## DATA FOR ANALYSIS

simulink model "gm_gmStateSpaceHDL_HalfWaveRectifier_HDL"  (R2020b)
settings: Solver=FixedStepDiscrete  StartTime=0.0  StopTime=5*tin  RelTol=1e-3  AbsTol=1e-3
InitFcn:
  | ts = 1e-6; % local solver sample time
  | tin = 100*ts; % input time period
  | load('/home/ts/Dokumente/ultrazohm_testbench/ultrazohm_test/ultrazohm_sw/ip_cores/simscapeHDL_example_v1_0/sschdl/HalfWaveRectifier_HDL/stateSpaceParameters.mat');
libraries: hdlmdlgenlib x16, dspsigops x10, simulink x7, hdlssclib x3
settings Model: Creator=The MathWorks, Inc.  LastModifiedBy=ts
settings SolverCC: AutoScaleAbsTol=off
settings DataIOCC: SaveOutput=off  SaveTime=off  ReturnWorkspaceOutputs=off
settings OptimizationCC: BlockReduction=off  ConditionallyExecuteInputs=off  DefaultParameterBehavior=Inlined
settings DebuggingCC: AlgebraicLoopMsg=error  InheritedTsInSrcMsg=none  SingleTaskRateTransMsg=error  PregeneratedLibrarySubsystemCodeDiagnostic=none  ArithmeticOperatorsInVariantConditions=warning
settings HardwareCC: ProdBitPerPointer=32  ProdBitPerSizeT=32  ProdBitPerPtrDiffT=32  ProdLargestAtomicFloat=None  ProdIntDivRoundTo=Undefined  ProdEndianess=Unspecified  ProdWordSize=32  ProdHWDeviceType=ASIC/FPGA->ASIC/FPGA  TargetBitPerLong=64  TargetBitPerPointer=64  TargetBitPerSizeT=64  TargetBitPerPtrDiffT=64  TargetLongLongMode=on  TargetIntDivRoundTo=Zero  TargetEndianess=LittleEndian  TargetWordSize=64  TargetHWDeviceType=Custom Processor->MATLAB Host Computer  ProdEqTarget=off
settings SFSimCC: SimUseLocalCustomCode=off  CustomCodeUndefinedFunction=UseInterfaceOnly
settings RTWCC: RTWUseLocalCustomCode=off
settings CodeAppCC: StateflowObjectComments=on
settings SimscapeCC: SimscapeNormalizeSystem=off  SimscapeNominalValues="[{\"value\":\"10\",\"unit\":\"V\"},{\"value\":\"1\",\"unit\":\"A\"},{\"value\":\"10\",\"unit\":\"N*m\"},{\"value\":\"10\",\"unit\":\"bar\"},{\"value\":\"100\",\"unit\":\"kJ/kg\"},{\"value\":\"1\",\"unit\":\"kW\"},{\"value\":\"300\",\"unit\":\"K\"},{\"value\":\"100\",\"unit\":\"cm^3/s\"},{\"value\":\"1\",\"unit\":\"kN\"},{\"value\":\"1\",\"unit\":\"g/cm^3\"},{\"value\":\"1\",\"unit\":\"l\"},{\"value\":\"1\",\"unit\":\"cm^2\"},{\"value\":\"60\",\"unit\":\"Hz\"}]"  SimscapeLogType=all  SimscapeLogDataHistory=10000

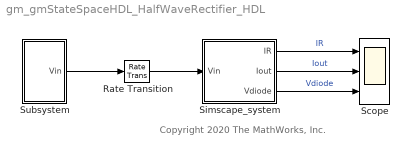
== system gm_gmStateSpaceHDL_HalfWaveRectifier_HDL ==
  note: Copyright 2020 The MathWorks, Inc.
  Rate Transition : RateTransition
  Scope : Scope  NumInputPorts=3
  Simscape_system : Subsystem  TreatAsAtomicUnit=on
  Subsystem : Subsystem
  wires:
  Simscape_system/1(IR) -> Scope/1  "IR"
  Simscape_system/2(Iout) -> Scope/2  "Iout"
  Simscape_system/3(Vdiode) -> Scope/3  "Vdiode"
  Rate Transition/1 -> Simscape_system/1(Vin)
  Subsystem/1(Vin) -> Rate Transition/1

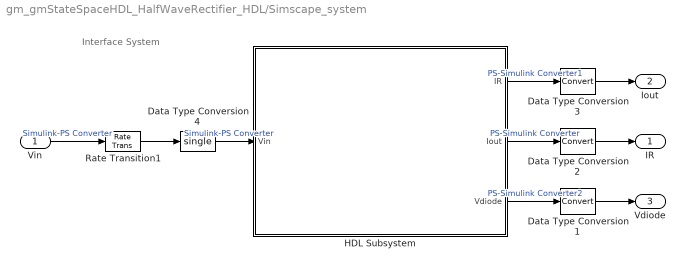
== system gm_gmStateSpaceHDL_HalfWaveRectifier_HDL/Simscape_system ==
  note: Interface System
  Vin : Inport
  Data Type Conversion1 : DataTypeConversion
  Data Type Conversion2 : DataTypeConversion
  Data Type Conversion3 : DataTypeConversion
  Data Type Conversion4 : DataTypeConversion  OutDataTypeStr=single
  HDL Subsystem : Subsystem  TreatAsAtomicUnit=on
  Rate Transition1 : RateTransition  OutPortSampleTime=1e-06
  IR : Outport  VectorParamsAs1DForOutWhenUnconnected=off
  Iout : Outport  Port=2  VectorParamsAs1DForOutWhenUnconnected=off
  Vdiode : Outport  Port=3  VectorParamsAs1DForOutWhenUnconnected=off
  wires:
  Vin/1 -> Rate Transition1/1  "Simulink-PS Converter"
  HDL Subsystem/1(IR) -> Data Type Conversion3/1  "PS-Simulink Converter1"
  HDL Subsystem/2(Iout) -> Data Type Conversion2/1  "PS-Simulink Converter"
  HDL Subsystem/3(Vdiode) -> Data Type Conversion1/1  "PS-Simulink Converter2"
  Data Type Conversion4/1 -> HDL Subsystem/1(Vin)  "Simulink-PS Converter"
  Data Type Conversion1/1 -> Vdiode/1
  Rate Transition1/1 -> Data Type Conversion4/1
  Data Type Conversion3/1 -> Iout/1
  Data Type Conversion2/1 -> IR/1

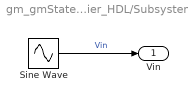
== system gm_gmStateSpaceHDL_HalfWaveRectifier_HDL/Subsystem ==
  Sine Wave : Sin  Amplitude=10  Frequency=2*pi/(tin)  SampleTime=0
  Vin : Outport  VectorParamsAs1DForOutWhenUnconnected=off
  wires:
  Sine Wave/1 -> Vin/1  "Vin"

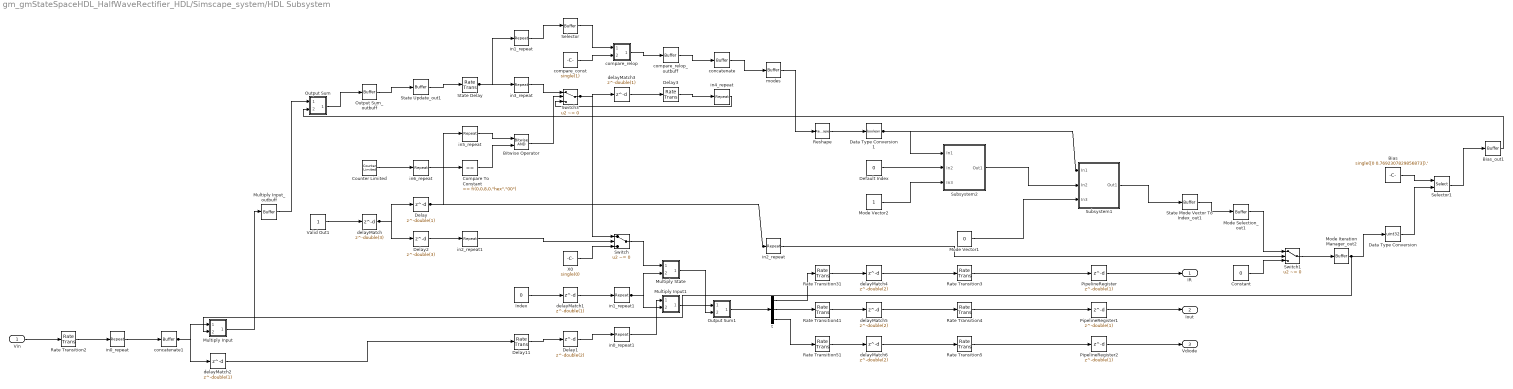
== system gm_gmStateSpaceHDL_HalfWaveRectifier_HDL/Simscape_system/HDL Subsystem ==
  Vin : Inport  OutDataTypeStr=single  PortDimensions=1  SampleTime=1e-06
  Bias : Constant  Value=single([0 0.7692307829856873]).'  OutDataTypeStr=single  SampleTime=5.55555555555556e-09
  Bias_out1 : hdlmdlgenlib/Buffer
      settings: SourceProductBaseCode=SL
  Bitwise Operator : simulink/Logic and Bit Operations/Bitwise Operator  logicop=AND  UseBitMask=off  NumInputPorts=2  BitMask=double(0)  BitMaskRealWorld=Real World Value
  Compare To Constant : simulink/Logic and Bit Operations/Compare To Constant  relop===  const="fi(0,0,8,0,\"hex\",\"00\")"  OutDataTypeStr=boolean
  Constant : Constant  Value=0  OutDataTypeStr=fixdt(0, 1, 0)  SampleTime=5.55555555555556e-09
  Counter Limited : simulink/Sources/Counter Limited  uplimit=double(2)  tsamp=3.33333333333333e-07
  Data Type Conversion : DataTypeConversion  OutDataTypeStr=uint32  SampleTime=5.55555555555556e-09
  Data Type Conversion1 : DataTypeConversion  OutDataTypeStr=boolean  SampleTime=5.55555555555556e-09
  Default Index : Constant  Value=0  OutDataTypeStr=fixdt(0, 1, 0)  SampleTime=5.55555555555556e-09
  Delay : Delay  DelayLength=double(1)  InitialCondition=0  SampleTime=3.33333333333333e-07
  Delay1 : Delay  DelayLength=double(2)  InitialCondition=0  SampleTime=3.33333333333333e-07
  Delay11 : RateTransition  OutPortSampleTimeOpt=Multiple of input port sample time  OutPortSampleTimeMultiple=60
  Delay2 : Delay  DelayLength=double(3)  InitialCondition=0  SampleTime=3.33333333333333e-07
  Delay3 : RateTransition  OutPortSampleTimeOpt=Multiple of input port sample time  OutPortSampleTimeMultiple=60
  Index : Constant  Value=0  OutDataTypeStr=fixdt(0, 1, 0)  SampleTime=3.33333333333333e-07
  Mode Iteration Manager_out2 : hdlmdlgenlib/Buffer
      settings: SourceProductBaseCode=SL
  Mode Selection_out1 : hdlmdlgenlib/Buffer
      settings: SourceProductBaseCode=SL
  Mode Vector1 : Constant  Value=0  OutDataTypeStr=boolean  SampleTime=5.55555555555556e-09
  Mode Vector2 : Constant  OutDataTypeStr=boolean  SampleTime=5.55555555555556e-09
  Multiply Input : Subsystem
      mask Display: disp('NFP\nSparseConstMultiply');
  Multiply Input1 : Subsystem
      mask Display: disp('NFP\nSparseConstMultiply');
  Multiply Input_outbuff : hdlmdlgenlib/Buffer
      settings: SourceProductBaseCode=SL
  Multiply State : Subsystem
      mask Display: disp('NFP\nSparseConstMultiply');
  Output Sum : Subsystem
      mask Display: disp('NFP\nadd');
  Output Sum1 : Subsystem
      mask Display: disp('NFP\nadd');
  Output Sum_outbuff : hdlmdlgenlib/Buffer
      settings: SourceProductBaseCode=SL
  PipelineRegister : Delay  DelayLength=double(1)  InitialCondition=0  SampleTime=1e-06
  PipelineRegister1 : Delay  DelayLength=double(1)  InitialCondition=0  SampleTime=1e-06
  PipelineRegister2 : Delay  DelayLength=double(1)  InitialCondition=0  SampleTime=1e-06
  Rate Transition2 : RateTransition  Integrity=off  Deterministic=off  InitialCondition=double(0)  OutPortSampleTimeOpt=Multiple of input port sample time  OutPortSampleTimeMultiple=1/3
  Rate Transition3 : RateTransition  InitialCondition=double(0)  OutPortSampleTimeOpt=Multiple of input port sample time  OutPortSampleTimeMultiple=3
  Rate Transition31 : RateTransition  OutPortSampleTimeOpt=Multiple of input port sample time  OutPortSampleTimeMultiple=60
  Rate Transition4 : RateTransition  InitialCondition=double(0)  OutPortSampleTimeOpt=Multiple of input port sample time  OutPortSampleTimeMultiple=3
  Rate Transition41 : RateTransition  OutPortSampleTimeOpt=Multiple of input port sample time  OutPortSampleTimeMultiple=60
  Rate Transition5 : RateTransition  InitialCondition=double(0)  OutPortSampleTimeOpt=Multiple of input port sample time  OutPortSampleTimeMultiple=3
  Rate Transition51 : RateTransition  OutPortSampleTimeOpt=Multiple of input port sample time  OutPortSampleTimeMultiple=60
  Reshape : Reshape
  Selector : hdlmdlgenlib/Buffer
      settings: SourceProductBaseCode=SL
  Selector1 : Selector  NumberOfDimensions=2  IndexMode=Zero-based  SampleTime=5.55555555555556e-09  IndexOptions=Select all,Index vector (port)  Indices=double([1 3]),[]  OutputSizes=double(1),[]
  State Delay : RateTransition  OutPortSampleTimeOpt=Multiple of input port sample time  OutPortSampleTimeMultiple=60
  State Mode Vector To Index_out1 : hdlmdlgenlib/Buffer
      settings: SourceProductBaseCode=SL
  State Update_out1 : hdlmdlgenlib/Buffer
      settings: SourceProductBaseCode=SL
  Subsystem1 : Subsystem  mask{Index=fi(0,0,1,0,"hex","0")}
  Subsystem2 : Subsystem  mask{Index=fi(0,0,1,0,"hex","1")}
  Switch : Switch  Criteria=u2 ~= 0  Threshold=double(0)  OutDataTypeStr=single  SampleTime=5.55555555555556e-09
  Switch1 : Switch  Criteria=u2 ~= 0  Threshold=double(0)  OutDataTypeStr=fixdt(0, 1, 0)  SampleTime=5.55555555555556e-09
  Switch3 : Switch  Criteria=u2 ~= 0  Threshold=double(0)  OutDataTypeStr=single  SampleTime=5.55555555555556e-09
  Valid Out1 : Constant  OutDataTypeStr=boolean  SampleTime=3.33333333333333e-07
  X0 : Constant  Value=single(0)  OutDataTypeStr=single  SampleTime=5.55555555555556e-09
  compare_const : Constant  Value=single(1)  OutDataTypeStr=single  SampleTime=5.55555555555556e-09
  compare_relop : Subsystem
      mask Display: disp('NFP\nrelop');
  compare_relop_outbuff : hdlmdlgenlib/Buffer
      settings: SourceProductBaseCode=SL
  concatenate : hdlmdlgenlib/Buffer
      settings: SourceProductBaseCode=SL
  concatenate1 : hdlmdlgenlib/Buffer
      settings: SourceProductBaseCode=SL
  delayMatch : Delay  DelayLength=double(3)  InitialCondition=0  SampleTime=3.33333333333333e-07
  delayMatch1 : Delay  DelayLength=double(1)  InitialCondition=0  SampleTime=3.33333333333333e-07
  delayMatch2 : Delay  DelayLength=double(1)  InitialCondition=0  SampleTime=5.55555555555556e-09
  delayMatch3 : Delay  DelayLength=double(1)  InitialCondition=0  SampleTime=5.55555555555556e-09
  delayMatch4 : Delay  DelayLength=double(2)  InitialCondition=0  SampleTime=3.33333333333333e-07
  delayMatch5 : Delay  DelayLength=double(2)  InitialCondition=0  SampleTime=3.33333333333333e-07
  delayMatch6 : Delay  DelayLength=double(2)  InitialCondition=0  SampleTime=3.33333333333333e-07
  in0_repeat : dspsigops/Repeat  N=double(60)  RateOptions=Allow multirate processing  ic=0  mode=Unused parameter value
  in0_repeat1 : dspsigops/Repeat  N=double(60)  RateOptions=Allow multirate processing  ic=0  mode=Unused parameter value
  in1_repeat : dspsigops/Repeat  N=double(60)  RateOptions=Allow multirate processing  ic=0  mode=Unused parameter value
  in1_repeat1 : dspsigops/Repeat  N=double(60)  RateOptions=Allow multirate processing  ic=0  mode=Unused parameter value
  in2_repeat : dspsigops/Repeat  N=double(60)  RateOptions=Allow multirate processing  ic=0  mode=Unused parameter value
  in2_repeat1 : dspsigops/Repeat  N=double(60)  RateOptions=Allow multirate processing  ic=0  mode=Unused parameter value
  in3_repeat : dspsigops/Repeat  N=double(60)  RateOptions=Allow multirate processing  ic=0  mode=Unused parameter value
  in4_repeat : dspsigops/Repeat  N=double(60)  RateOptions=Allow multirate processing  ic=0  mode=Unused parameter value
  in5_repeat : dspsigops/Repeat  N=double(60)  RateOptions=Allow multirate processing  ic=0  mode=Unused parameter value
  in6_repeat : dspsigops/Repeat  N=double(60)  RateOptions=Allow multirate processing  ic=0  mode=Unused parameter value
  modes : hdlmdlgenlib/Buffer
      settings: SourceProductBaseCode=SL
  t : Demux  Outputs=3
  IR : Outport
  Iout : Outport  Port=2
  Vdiode : Outport  Port=3
  wires:
  Vin/1 -> Rate Transition2/1
  Delay11/1 -> Delay1/1
  Rate Transition2/1 -> in0_repeat/1
  PipelineRegister/1 -> IR/1
  PipelineRegister1/1 -> Iout/1
  PipelineRegister2/1 -> Vdiode/1
  Delay1/1 -> in0_repeat1/1
  delayMatch1/1 -> in1_repeat1/1
  State Delay/1 -> in1_repeat/1, in3_repeat/1
  Counter Limited/1 -> in6_repeat/1
  Delay/1 -> in2_repeat/1, in5_repeat/1
  Delay2/1 -> in2_repeat1/1
  delayMatch/1 -> Delay2/1, Delay/1
  delayMatch4/1 -> Rate Transition3/1
  delayMatch5/1 -> Rate Transition4/1
  delayMatch6/1 -> Rate Transition5/1
  Rate Transition3/1 -> PipelineRegister/1
  Rate Transition4/1 -> PipelineRegister1/1
  Rate Transition5/1 -> PipelineRegister2/1
  Rate Transition31/1 -> delayMatch4/1
  Rate Transition41/1 -> delayMatch5/1
  Rate Transition51/1 -> delayMatch6/1
  Delay3/1 -> in4_repeat/1
  Valid Out1/1 -> delayMatch/1
  Index/1 -> delayMatch1/1
  State Update_out1/1 -> State Delay/1
  delayMatch2/1 -> Delay11/1
  in0_repeat/1 -> concatenate1/1
  in1_repeat/1 -> Selector/1
  in2_repeat/1 -> Switch1/2
  Bias/1 -> Selector1/1
  Data Type Conversion/1 -> Selector1/2
  Selector1/1 -> Bias_out1/1
  Output Sum_outbuff/1 -> State Update_out1/1
  Multiply Input_outbuff/1 -> Output Sum/1(In1)
  Mode Iteration Manager_out2/1 -> Multiply Input/2(In2), Data Type Conversion/1
  Default Index/1 -> Subsystem2/2(In2)
  Mode Vector2/1 -> Subsystem2/3(In3)
  Subsystem2/1(Out1) -> Subsystem1/2(In2)
  Selector/1 -> compare_relop/1(In1)
  compare_const/1 -> compare_relop/2(In2)
  compare_relop_outbuff/1 -> concatenate/1
  concatenate/1 -> modes/1
  modes/1 -> Reshape/1
  Reshape/1 -> Data Type Conversion1/1
  Data Type Conversion1/1 -> Subsystem1/1(In1), Subsystem2/1(In1)
  Mode Vector1/1 -> Subsystem1/3(In3)
  Subsystem1/1(Out1) -> State Mode Vector To Index_out1/1
  State Mode Vector To Index_out1/1 -> Mode Selection_out1/1
  Mode Selection_out1/1 -> Switch1/1
  Constant/1 -> Switch1/3
  Switch1/1 -> Mode Iteration Manager_out2/1
  compare_relop/1(Out1) -> compare_relop_outbuff/1
  Output Sum/1(Out1) -> Output Sum_outbuff/1
  Multiply Input/1(Out1) -> Multiply Input_outbuff/1
  Bias_out1/1 -> Output Sum/2(In2)
  concatenate1/1 -> delayMatch2/1, Multiply Input/1(In1)
  delayMatch3/1 -> Delay3/1
  in0_repeat1/1 -> Multiply Input1/1(In1)
  in1_repeat1/1 -> Multiply State/2(In2), Multiply Input1/2(In2)
  in2_repeat1/1 -> Switch/2
  in3_repeat/1 -> Switch3/1
  in4_repeat/1 -> Switch3/3
  in5_repeat/1 -> Bitwise Operator/1
  in6_repeat/1 -> Compare To Constant/1
  X0/1 -> Switch/3
  Switch/1 -> Multiply State/1(In1)
  Compare To Constant/1 -> Bitwise Operator/2
  Bitwise Operator/1 -> Switch3/2
  t/1 -> Rate Transition31/1
  t/2 -> Rate Transition41/1
  t/3 -> Rate Transition51/1
  Multiply Input1/1(Out1) -> Output Sum1/1(In1)
  Output Sum1/1(Out1) -> t/1
  Multiply State/1(Out1) -> Output Sum1/2(In2)
  Switch3/1 -> delayMatch3/1, Switch/1

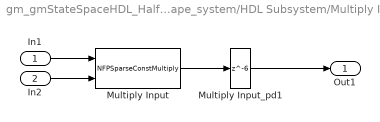
== system gm_gmStateSpaceHDL_HalfWaveRectifier_HDL/Simscape_system/HDL Subsystem/Multiply Input ==
  In1 : Inport
  In2 : Inport  Port=2
  Multiply Input : hdlssclib/NFPSparseConstMultiply  constMatrix="reshape(single([1 0.23076923191547394]).', [1  1  2])"
      settings: SourceProductBaseCode=SL
  Multiply Input_pd1 : Delay  DelayLength=6
  Out1 : Outport
  wires:
  In1/1 -> Multiply Input/1
  In2/1 -> Multiply Input/2
  Multiply Input/1 -> Multiply Input_pd1/1
  Multiply Input_pd1/1 -> Out1/1

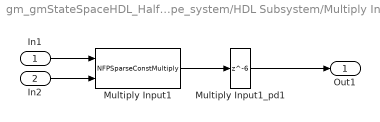
== system gm_gmStateSpaceHDL_HalfWaveRectifier_HDL/Simscape_system/HDL Subsystem/Multiply Input1 ==
  In1 : Inport
  In2 : Inport  Port=2
  Multiply Input1 : hdlssclib/NFPSparseConstMultiply  constMatrix=single([1 1 0]).'
      settings: SourceProductBaseCode=SL
  Multiply Input1_pd1 : Delay  DelayLength=6
  Out1 : Outport
  wires:
  In1/1 -> Multiply Input1/1
  In2/1 -> Multiply Input1/2
  Multiply Input1/1 -> Multiply Input1_pd1/1
  Multiply Input1_pd1/1 -> Out1/1

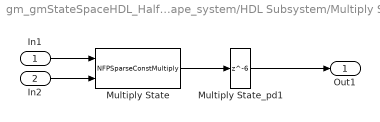
== system gm_gmStateSpaceHDL_HalfWaveRectifier_HDL/Simscape_system/HDL Subsystem/Multiply State ==
  In1 : Inport
  In2 : Inport  Port=2
  Multiply State : hdlssclib/NFPSparseConstMultiply  constMatrix=single([-1 -1 1]).'
      settings: SourceProductBaseCode=SL
  Multiply State_pd1 : Delay  DelayLength=6
  Out1 : Outport
  wires:
  In1/1 -> Multiply State/1
  In2/1 -> Multiply State/2
  Multiply State/1 -> Multiply State_pd1/1
  Multiply State_pd1/1 -> Out1/1

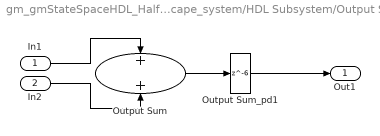
== system gm_gmStateSpaceHDL_HalfWaveRectifier_HDL/Simscape_system/HDL Subsystem/Output Sum ==
  In1 : Inport
  In2 : Inport  Port=2
  Output Sum : Sum  OutDataTypeStr=single  SampleTime=5.55555555555556e-09
  Output Sum_pd1 : Delay  DelayLength=6
  Out1 : Outport
  wires:
  In1/1 -> Output Sum/1
  In2/1 -> Output Sum/2
  Output Sum/1 -> Output Sum_pd1/1
  Output Sum_pd1/1 -> Out1/1

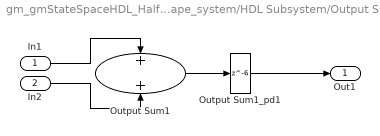
== system gm_gmStateSpaceHDL_HalfWaveRectifier_HDL/Simscape_system/HDL Subsystem/Output Sum1 ==
  In1 : Inport
  In2 : Inport  Port=2
  Output Sum1 : Sum  OutDataTypeStr=single  SampleTime=5.55555555555556e-09
  Output Sum1_pd1 : Delay  DelayLength=6
  Out1 : Outport
  wires:
  In1/1 -> Output Sum1/1
  In2/1 -> Output Sum1/2
  Output Sum1/1 -> Output Sum1_pd1/1
  Output Sum1_pd1/1 -> Out1/1

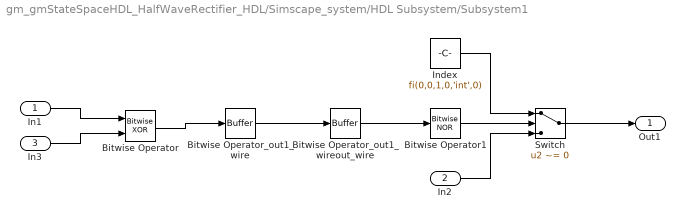
== system gm_gmStateSpaceHDL_HalfWaveRectifier_HDL/Simscape_system/HDL Subsystem/Subsystem1 ==
  In1 : Inport  OutDataTypeStr=boolean  PortDimensions=1  SampleTime=5.55555555555556e-09
  In2 : Inport  Port=2  OutDataTypeStr=fixdt(0, 1, 0)  PortDimensions=1  SampleTime=5.55555555555556e-09
  In3 : Inport  Port=3  OutDataTypeStr=boolean  PortDimensions=1  SampleTime=5.55555555555556e-09
  Bitwise Operator : simulink/Logic and Bit Operations/Bitwise Operator  logicop=XOR  UseBitMask=off  NumInputPorts=2  BitMask=double(0)  BitMaskRealWorld=Real World Value
  Bitwise Operator1 : simulink/Logic and Bit Operations/Bitwise Operator  logicop=NOR  UseBitMask=off  BitMask=double(0)  BitMaskRealWorld=Real World Value
  Bitwise Operator_out1_wire : hdlmdlgenlib/Buffer
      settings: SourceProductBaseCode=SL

## TASK DESCRIPTION
Wherever a line in the listing contains the word "BitMask", copy that line out.

## YOUR SOLUTION
  Bitwise Operator : simulink/Logic and Bit Operations/Bitwise Operator  logicop=AND  UseBitMask=off  NumInputPorts=2  BitMask=double(0)  BitMaskRealWorld=Real World Value
  Bitwise Operator : simulink/Logic and Bit Operations/Bitwise Operator  logicop=XOR  UseBitMask=off  NumInputPorts=2  BitMask=double(0)  BitMaskRealWorld=Real World Value
  Bitwise Operator1 : simulink/Logic and Bit Operations/Bitwise Operator  logicop=NOR  UseBitMask=off  BitMask=double(0)  BitMaskRealWorld=Real World Value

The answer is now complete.